** Your goal **
From the entries below, count the lines with "schematic". Write only the count.

[Records for the exercise — start]

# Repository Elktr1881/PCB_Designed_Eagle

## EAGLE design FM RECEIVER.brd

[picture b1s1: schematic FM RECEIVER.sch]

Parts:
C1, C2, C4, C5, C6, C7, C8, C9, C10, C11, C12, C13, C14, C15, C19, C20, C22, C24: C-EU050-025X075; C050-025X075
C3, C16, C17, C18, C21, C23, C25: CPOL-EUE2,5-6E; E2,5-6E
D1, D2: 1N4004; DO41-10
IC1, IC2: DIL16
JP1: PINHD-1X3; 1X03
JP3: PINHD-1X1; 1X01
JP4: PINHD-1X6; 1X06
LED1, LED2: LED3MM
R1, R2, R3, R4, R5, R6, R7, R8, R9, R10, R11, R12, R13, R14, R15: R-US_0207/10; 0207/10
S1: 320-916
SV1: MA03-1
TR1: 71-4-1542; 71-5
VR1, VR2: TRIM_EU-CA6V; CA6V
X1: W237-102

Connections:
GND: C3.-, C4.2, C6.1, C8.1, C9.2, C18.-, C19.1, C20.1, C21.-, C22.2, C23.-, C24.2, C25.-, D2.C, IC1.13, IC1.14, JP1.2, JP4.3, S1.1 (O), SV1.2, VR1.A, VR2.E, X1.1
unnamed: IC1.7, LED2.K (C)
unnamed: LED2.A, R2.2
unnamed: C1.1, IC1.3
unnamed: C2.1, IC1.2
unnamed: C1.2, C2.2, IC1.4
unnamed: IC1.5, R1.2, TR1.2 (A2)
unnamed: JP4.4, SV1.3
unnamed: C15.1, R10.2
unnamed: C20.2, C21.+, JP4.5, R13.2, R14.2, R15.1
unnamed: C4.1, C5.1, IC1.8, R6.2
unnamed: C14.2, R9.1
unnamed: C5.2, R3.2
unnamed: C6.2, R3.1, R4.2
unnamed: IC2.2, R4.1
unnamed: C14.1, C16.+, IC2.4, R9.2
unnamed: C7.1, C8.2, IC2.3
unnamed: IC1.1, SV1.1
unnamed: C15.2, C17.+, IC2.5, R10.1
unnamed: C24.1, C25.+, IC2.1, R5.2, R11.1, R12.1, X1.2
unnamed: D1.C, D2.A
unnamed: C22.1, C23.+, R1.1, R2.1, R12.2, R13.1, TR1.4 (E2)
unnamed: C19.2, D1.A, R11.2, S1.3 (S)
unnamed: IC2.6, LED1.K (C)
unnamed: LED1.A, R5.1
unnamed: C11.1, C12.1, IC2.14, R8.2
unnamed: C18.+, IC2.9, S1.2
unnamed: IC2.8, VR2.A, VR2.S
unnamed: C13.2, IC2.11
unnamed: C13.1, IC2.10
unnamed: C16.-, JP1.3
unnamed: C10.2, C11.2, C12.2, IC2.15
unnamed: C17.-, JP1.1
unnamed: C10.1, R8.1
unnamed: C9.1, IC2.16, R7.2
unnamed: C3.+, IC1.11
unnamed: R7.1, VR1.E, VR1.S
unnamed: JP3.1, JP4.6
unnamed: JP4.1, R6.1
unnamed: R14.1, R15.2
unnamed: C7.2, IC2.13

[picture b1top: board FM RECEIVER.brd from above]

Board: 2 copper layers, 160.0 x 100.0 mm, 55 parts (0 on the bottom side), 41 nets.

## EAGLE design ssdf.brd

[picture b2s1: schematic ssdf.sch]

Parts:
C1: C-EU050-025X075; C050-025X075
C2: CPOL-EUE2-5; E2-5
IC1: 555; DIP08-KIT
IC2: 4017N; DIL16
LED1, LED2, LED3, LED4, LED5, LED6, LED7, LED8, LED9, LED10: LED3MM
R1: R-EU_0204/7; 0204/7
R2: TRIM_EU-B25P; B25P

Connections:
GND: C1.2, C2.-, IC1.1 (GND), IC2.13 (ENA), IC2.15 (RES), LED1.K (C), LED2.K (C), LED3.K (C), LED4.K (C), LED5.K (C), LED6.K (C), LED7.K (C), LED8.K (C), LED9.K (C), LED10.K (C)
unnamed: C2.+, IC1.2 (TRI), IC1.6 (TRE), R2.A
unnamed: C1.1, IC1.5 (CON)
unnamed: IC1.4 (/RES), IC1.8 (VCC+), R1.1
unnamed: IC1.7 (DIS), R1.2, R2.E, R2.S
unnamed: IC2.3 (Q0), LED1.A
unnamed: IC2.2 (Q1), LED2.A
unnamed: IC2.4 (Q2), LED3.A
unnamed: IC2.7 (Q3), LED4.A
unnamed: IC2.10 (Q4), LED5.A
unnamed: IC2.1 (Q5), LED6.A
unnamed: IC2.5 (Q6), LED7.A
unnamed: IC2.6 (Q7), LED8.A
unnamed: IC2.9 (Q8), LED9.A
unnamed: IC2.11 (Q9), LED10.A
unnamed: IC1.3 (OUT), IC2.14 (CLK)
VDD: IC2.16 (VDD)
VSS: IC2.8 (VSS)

[Records for the exercise — finish]

** Exercise answer **
2